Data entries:
===============

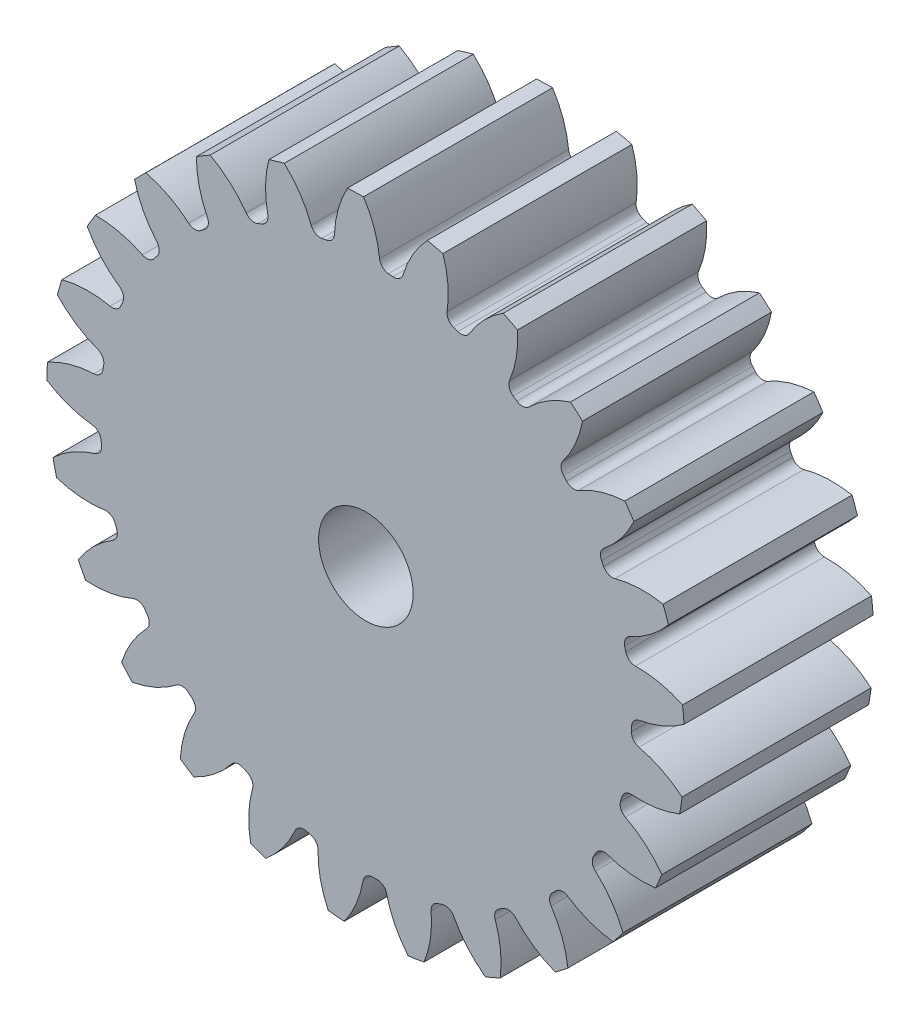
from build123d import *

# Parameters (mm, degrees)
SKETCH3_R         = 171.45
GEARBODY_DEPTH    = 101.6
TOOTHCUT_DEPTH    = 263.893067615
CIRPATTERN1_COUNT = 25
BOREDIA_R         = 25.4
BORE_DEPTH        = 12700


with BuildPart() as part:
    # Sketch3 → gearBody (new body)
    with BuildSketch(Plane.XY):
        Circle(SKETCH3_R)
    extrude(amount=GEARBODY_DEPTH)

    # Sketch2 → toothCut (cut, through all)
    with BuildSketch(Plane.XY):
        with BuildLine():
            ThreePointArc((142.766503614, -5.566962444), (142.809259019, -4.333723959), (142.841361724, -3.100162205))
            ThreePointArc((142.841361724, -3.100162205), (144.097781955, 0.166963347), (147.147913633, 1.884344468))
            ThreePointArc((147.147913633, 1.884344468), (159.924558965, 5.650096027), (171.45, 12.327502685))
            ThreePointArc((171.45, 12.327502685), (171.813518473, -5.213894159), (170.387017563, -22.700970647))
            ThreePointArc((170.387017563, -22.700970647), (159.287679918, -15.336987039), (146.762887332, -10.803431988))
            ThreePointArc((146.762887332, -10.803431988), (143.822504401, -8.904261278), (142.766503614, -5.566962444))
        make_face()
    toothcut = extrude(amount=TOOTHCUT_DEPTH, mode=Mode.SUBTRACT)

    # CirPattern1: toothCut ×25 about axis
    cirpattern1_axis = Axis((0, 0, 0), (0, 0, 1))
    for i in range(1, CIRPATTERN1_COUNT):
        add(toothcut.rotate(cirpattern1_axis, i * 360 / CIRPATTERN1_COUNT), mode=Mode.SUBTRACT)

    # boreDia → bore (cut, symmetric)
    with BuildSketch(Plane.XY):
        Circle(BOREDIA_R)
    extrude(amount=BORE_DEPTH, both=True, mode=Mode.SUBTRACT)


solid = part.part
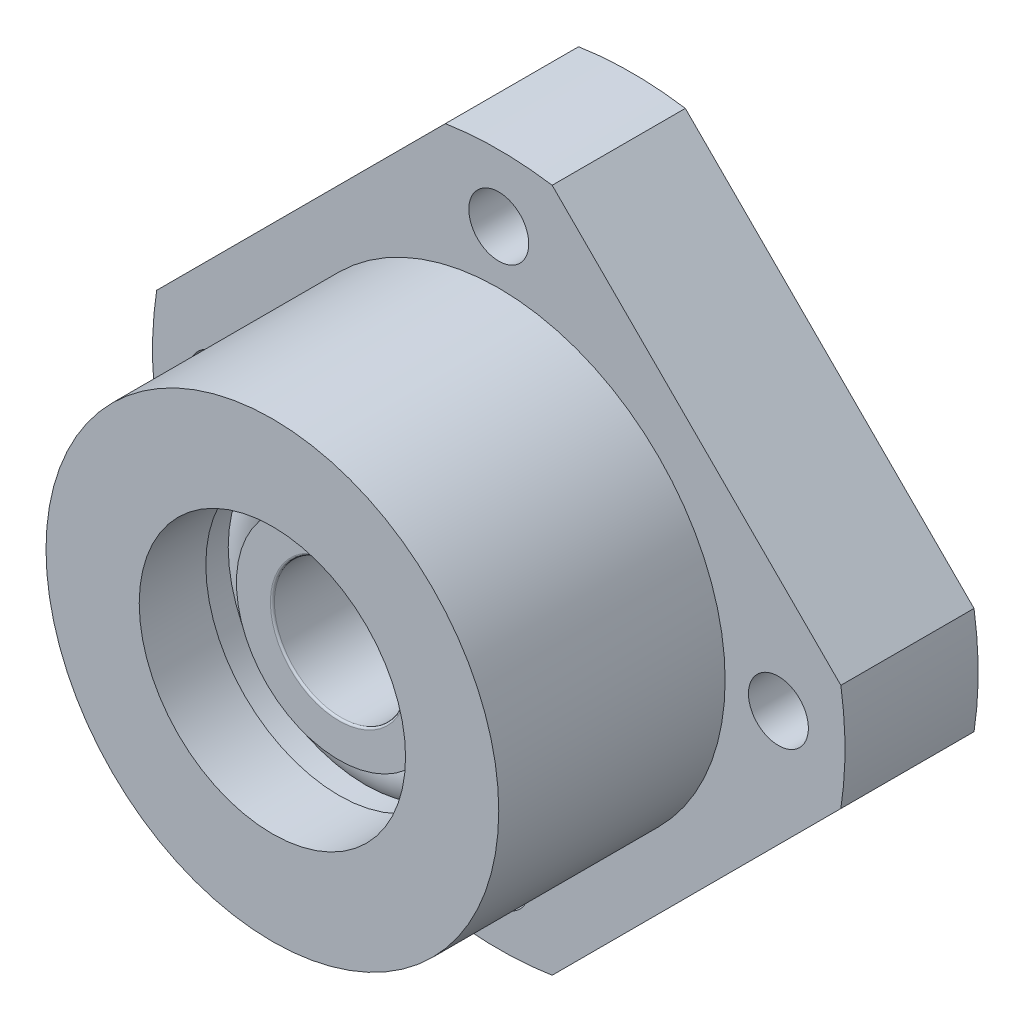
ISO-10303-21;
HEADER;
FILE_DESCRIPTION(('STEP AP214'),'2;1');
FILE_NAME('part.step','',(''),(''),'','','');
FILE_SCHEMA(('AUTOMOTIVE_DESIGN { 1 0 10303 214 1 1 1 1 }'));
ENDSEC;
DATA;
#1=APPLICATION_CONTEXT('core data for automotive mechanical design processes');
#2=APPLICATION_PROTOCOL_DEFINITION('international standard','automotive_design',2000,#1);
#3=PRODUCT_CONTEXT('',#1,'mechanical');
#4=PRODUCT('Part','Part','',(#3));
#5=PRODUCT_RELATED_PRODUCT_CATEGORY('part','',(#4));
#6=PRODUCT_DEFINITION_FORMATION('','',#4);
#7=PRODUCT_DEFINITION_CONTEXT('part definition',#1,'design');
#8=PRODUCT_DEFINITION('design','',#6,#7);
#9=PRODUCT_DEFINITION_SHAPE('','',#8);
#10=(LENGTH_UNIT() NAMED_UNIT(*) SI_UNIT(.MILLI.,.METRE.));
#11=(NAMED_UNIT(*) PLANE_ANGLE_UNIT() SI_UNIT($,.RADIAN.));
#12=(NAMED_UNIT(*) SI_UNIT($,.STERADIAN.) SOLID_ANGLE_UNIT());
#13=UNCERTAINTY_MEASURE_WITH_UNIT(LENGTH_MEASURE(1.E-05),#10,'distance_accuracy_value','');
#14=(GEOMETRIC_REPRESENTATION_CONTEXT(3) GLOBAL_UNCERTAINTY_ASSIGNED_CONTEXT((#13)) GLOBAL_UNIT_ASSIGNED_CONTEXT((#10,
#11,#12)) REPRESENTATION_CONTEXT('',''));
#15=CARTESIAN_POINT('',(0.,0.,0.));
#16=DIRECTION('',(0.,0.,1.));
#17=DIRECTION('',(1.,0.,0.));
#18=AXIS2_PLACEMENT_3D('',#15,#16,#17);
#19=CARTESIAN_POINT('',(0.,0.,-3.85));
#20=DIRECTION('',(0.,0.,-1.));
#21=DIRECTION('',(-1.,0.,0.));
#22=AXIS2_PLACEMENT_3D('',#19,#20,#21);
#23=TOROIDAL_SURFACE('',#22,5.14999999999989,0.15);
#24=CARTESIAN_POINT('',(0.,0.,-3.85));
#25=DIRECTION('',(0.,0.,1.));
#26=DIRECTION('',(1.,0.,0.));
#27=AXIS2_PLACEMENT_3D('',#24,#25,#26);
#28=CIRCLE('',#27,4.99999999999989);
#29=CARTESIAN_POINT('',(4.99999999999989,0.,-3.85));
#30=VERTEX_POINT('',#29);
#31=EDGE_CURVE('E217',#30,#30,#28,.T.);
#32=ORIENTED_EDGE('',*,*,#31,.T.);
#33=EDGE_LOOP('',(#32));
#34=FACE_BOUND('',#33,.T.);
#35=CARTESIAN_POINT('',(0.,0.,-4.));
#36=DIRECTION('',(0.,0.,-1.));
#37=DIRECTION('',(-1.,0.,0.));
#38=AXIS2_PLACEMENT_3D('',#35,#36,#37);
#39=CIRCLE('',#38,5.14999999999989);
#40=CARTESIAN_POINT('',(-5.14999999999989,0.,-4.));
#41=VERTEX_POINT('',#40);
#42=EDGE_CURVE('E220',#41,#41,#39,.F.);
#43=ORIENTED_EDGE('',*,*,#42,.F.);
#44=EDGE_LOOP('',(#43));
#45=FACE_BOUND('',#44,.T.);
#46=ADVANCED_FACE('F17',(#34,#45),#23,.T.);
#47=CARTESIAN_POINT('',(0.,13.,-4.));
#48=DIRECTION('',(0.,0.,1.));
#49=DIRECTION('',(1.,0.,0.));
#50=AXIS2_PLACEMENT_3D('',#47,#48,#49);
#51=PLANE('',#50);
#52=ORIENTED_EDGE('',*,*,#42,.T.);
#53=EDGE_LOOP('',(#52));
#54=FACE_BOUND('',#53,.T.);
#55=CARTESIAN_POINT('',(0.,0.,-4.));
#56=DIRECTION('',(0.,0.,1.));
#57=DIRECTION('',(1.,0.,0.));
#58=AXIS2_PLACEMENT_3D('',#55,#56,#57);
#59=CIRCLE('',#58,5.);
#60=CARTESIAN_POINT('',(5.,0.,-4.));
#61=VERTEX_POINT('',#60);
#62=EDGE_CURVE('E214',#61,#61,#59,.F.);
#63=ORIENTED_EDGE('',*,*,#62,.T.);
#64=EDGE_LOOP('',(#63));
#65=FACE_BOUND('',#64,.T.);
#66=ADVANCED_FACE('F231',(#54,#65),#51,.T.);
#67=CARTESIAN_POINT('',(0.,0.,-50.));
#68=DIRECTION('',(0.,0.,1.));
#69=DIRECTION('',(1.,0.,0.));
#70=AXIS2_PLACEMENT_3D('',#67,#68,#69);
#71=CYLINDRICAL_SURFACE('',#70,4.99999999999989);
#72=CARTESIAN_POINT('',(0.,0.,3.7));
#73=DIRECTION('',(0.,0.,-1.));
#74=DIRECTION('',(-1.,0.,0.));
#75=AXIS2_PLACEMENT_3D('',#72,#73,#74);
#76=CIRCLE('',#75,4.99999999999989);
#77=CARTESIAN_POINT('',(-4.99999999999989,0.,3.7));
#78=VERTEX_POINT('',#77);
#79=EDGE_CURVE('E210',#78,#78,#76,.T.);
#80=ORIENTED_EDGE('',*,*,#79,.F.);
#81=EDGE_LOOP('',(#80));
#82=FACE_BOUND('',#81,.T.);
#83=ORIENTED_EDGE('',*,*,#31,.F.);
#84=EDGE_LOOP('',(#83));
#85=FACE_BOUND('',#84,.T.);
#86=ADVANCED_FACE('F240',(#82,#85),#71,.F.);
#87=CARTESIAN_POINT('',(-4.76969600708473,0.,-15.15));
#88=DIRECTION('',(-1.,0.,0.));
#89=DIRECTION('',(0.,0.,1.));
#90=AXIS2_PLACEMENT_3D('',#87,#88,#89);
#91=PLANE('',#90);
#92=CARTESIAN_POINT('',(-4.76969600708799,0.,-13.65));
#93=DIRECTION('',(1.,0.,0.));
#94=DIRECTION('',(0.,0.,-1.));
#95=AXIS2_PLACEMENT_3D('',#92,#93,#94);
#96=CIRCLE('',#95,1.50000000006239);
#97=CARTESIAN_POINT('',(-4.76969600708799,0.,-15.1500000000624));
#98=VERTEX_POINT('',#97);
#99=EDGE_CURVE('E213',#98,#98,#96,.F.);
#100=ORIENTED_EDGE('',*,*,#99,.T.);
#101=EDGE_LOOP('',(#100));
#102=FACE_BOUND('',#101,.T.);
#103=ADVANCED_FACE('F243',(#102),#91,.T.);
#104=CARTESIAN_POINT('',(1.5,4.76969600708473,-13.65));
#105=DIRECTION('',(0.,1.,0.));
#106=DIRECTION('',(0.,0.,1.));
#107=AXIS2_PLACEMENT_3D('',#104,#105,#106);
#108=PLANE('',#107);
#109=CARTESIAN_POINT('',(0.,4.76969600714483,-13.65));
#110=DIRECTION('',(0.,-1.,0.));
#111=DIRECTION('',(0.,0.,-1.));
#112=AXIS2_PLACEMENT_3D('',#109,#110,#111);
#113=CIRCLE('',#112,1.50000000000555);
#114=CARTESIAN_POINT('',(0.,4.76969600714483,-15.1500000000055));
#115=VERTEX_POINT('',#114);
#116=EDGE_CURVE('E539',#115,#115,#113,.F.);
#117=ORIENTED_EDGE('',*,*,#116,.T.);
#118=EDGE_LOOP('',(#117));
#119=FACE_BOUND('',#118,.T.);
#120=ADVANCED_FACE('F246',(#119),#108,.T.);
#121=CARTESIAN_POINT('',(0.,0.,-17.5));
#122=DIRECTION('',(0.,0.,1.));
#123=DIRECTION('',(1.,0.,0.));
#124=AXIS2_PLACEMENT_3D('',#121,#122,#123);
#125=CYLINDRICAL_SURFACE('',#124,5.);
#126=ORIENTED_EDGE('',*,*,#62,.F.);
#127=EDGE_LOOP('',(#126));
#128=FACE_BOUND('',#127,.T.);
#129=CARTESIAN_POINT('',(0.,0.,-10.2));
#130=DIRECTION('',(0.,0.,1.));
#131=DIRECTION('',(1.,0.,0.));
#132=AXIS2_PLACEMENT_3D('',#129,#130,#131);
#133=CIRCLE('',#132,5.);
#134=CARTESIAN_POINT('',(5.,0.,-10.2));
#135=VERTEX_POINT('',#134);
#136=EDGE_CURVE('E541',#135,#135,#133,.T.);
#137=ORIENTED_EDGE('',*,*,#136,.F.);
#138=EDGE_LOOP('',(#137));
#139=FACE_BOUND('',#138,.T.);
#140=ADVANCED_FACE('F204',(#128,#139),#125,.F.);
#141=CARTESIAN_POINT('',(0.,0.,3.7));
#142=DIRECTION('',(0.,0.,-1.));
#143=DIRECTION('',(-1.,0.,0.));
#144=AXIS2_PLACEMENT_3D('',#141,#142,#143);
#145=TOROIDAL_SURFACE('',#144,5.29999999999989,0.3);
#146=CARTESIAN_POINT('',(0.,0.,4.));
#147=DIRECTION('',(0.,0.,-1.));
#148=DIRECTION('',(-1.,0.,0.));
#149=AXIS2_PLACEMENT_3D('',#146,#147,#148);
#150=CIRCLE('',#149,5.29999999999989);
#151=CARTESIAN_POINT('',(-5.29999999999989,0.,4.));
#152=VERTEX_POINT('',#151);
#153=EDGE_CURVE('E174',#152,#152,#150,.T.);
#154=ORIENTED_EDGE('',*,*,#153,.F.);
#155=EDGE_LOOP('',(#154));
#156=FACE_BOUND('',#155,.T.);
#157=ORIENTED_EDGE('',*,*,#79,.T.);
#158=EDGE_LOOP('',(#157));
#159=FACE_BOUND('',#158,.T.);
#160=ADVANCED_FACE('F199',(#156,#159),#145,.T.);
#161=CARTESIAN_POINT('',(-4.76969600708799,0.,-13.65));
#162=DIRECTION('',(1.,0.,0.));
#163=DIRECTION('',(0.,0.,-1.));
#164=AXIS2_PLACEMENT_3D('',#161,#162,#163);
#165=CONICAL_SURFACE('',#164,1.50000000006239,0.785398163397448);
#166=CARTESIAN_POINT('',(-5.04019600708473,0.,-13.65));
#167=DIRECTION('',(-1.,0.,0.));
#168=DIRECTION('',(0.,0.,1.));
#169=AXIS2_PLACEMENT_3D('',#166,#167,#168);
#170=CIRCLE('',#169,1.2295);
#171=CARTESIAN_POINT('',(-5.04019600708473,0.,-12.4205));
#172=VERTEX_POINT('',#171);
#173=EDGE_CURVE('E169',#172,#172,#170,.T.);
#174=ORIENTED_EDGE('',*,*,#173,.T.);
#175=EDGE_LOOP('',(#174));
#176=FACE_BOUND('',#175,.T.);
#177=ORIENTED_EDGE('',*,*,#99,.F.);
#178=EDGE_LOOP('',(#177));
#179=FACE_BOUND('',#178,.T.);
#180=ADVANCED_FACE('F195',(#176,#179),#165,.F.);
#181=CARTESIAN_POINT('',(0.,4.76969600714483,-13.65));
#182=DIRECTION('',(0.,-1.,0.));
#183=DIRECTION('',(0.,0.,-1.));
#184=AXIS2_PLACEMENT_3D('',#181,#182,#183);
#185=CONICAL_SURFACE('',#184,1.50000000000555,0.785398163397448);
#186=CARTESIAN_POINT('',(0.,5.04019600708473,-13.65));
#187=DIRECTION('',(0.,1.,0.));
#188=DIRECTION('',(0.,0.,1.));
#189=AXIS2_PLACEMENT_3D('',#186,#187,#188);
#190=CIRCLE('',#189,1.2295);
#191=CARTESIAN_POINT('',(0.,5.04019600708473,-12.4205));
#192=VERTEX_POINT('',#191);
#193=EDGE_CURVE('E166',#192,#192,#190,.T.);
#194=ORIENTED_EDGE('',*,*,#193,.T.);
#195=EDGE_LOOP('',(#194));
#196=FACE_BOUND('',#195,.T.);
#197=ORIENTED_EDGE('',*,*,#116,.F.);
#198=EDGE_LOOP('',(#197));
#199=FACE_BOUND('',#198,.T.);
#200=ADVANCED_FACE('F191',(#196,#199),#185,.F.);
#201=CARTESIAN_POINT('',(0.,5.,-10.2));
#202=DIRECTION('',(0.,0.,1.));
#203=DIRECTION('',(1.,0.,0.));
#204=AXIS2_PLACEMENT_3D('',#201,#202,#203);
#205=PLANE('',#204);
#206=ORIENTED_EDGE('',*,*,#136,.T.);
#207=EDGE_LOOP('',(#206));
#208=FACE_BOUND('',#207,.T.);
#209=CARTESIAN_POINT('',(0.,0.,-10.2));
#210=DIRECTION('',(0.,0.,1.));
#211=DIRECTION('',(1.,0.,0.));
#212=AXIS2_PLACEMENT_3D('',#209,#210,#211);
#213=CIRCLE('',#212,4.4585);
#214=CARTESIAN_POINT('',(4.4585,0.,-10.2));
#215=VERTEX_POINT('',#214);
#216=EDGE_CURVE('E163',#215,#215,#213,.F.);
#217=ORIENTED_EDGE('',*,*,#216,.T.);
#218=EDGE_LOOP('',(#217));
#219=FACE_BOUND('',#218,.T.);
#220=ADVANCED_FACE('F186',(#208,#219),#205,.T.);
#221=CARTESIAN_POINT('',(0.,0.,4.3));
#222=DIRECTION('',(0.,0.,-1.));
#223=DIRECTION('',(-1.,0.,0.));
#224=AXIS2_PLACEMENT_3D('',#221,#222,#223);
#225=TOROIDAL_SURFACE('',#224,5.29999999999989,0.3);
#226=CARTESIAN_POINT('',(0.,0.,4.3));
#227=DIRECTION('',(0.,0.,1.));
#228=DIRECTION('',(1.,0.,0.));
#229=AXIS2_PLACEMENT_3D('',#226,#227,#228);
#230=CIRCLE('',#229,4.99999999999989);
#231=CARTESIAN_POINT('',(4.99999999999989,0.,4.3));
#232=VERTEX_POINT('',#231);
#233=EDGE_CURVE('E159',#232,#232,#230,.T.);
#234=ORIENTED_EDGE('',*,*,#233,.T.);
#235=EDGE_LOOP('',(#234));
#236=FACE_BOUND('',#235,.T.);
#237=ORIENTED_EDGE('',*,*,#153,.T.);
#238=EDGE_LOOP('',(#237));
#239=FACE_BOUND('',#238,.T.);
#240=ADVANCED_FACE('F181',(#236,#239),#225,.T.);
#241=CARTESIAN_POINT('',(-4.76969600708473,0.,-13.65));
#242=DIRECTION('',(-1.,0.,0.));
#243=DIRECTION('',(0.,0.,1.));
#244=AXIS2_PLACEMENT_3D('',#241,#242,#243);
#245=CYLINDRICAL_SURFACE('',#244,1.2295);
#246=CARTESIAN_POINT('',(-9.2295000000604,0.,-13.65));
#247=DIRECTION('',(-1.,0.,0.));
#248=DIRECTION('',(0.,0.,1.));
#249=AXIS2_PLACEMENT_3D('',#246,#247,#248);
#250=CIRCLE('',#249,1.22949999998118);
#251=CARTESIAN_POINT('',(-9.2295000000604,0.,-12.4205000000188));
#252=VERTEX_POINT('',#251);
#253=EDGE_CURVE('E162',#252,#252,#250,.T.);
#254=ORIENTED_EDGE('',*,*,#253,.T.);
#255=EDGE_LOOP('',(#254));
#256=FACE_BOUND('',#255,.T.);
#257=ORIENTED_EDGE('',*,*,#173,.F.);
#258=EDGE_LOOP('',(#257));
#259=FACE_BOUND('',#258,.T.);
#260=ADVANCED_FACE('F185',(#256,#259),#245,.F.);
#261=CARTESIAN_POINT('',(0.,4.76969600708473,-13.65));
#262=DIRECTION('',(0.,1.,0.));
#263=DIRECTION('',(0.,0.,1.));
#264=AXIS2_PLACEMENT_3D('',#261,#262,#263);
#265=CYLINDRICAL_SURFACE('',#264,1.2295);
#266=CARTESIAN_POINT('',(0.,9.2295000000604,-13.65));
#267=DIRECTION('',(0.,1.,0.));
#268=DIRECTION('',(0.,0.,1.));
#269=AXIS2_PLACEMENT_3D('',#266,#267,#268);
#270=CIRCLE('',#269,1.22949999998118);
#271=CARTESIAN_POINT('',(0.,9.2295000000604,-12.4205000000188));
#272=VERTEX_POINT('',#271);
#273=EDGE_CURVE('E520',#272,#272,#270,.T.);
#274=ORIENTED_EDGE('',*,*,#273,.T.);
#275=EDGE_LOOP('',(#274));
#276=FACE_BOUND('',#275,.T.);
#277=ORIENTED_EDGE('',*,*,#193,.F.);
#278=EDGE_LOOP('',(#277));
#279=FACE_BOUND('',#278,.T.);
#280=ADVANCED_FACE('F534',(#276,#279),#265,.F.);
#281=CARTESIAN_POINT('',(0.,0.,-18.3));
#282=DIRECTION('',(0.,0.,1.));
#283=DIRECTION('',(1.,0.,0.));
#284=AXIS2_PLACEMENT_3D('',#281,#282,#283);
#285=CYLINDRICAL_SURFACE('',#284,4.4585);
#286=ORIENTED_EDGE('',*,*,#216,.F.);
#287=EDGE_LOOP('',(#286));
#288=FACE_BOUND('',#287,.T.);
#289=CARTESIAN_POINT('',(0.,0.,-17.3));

===============

• _WORK INSTRUCTION_:
Above are the records; copy exactly the lines from the line with "#274=ORIENTED_EDGE('',*,*,#273,.T.);" through the line with "#281=CARTESIAN_POINT('',(0.,0.,-18.3));", both included.

• _RESPONSE FOR THIS EXERCISE_:
#274=ORIENTED_EDGE('',*,*,#273,.T.);
#275=EDGE_LOOP('',(#274));
#276=FACE_BOUND('',#275,.T.);
#277=ORIENTED_EDGE('',*,*,#193,.F.);
#278=EDGE_LOOP('',(#277));
#279=FACE_BOUND('',#278,.T.);
#280=ADVANCED_FACE('F534',(#276,#279),#265,.F.);
#281=CARTESIAN_POINT('',(0.,0.,-18.3));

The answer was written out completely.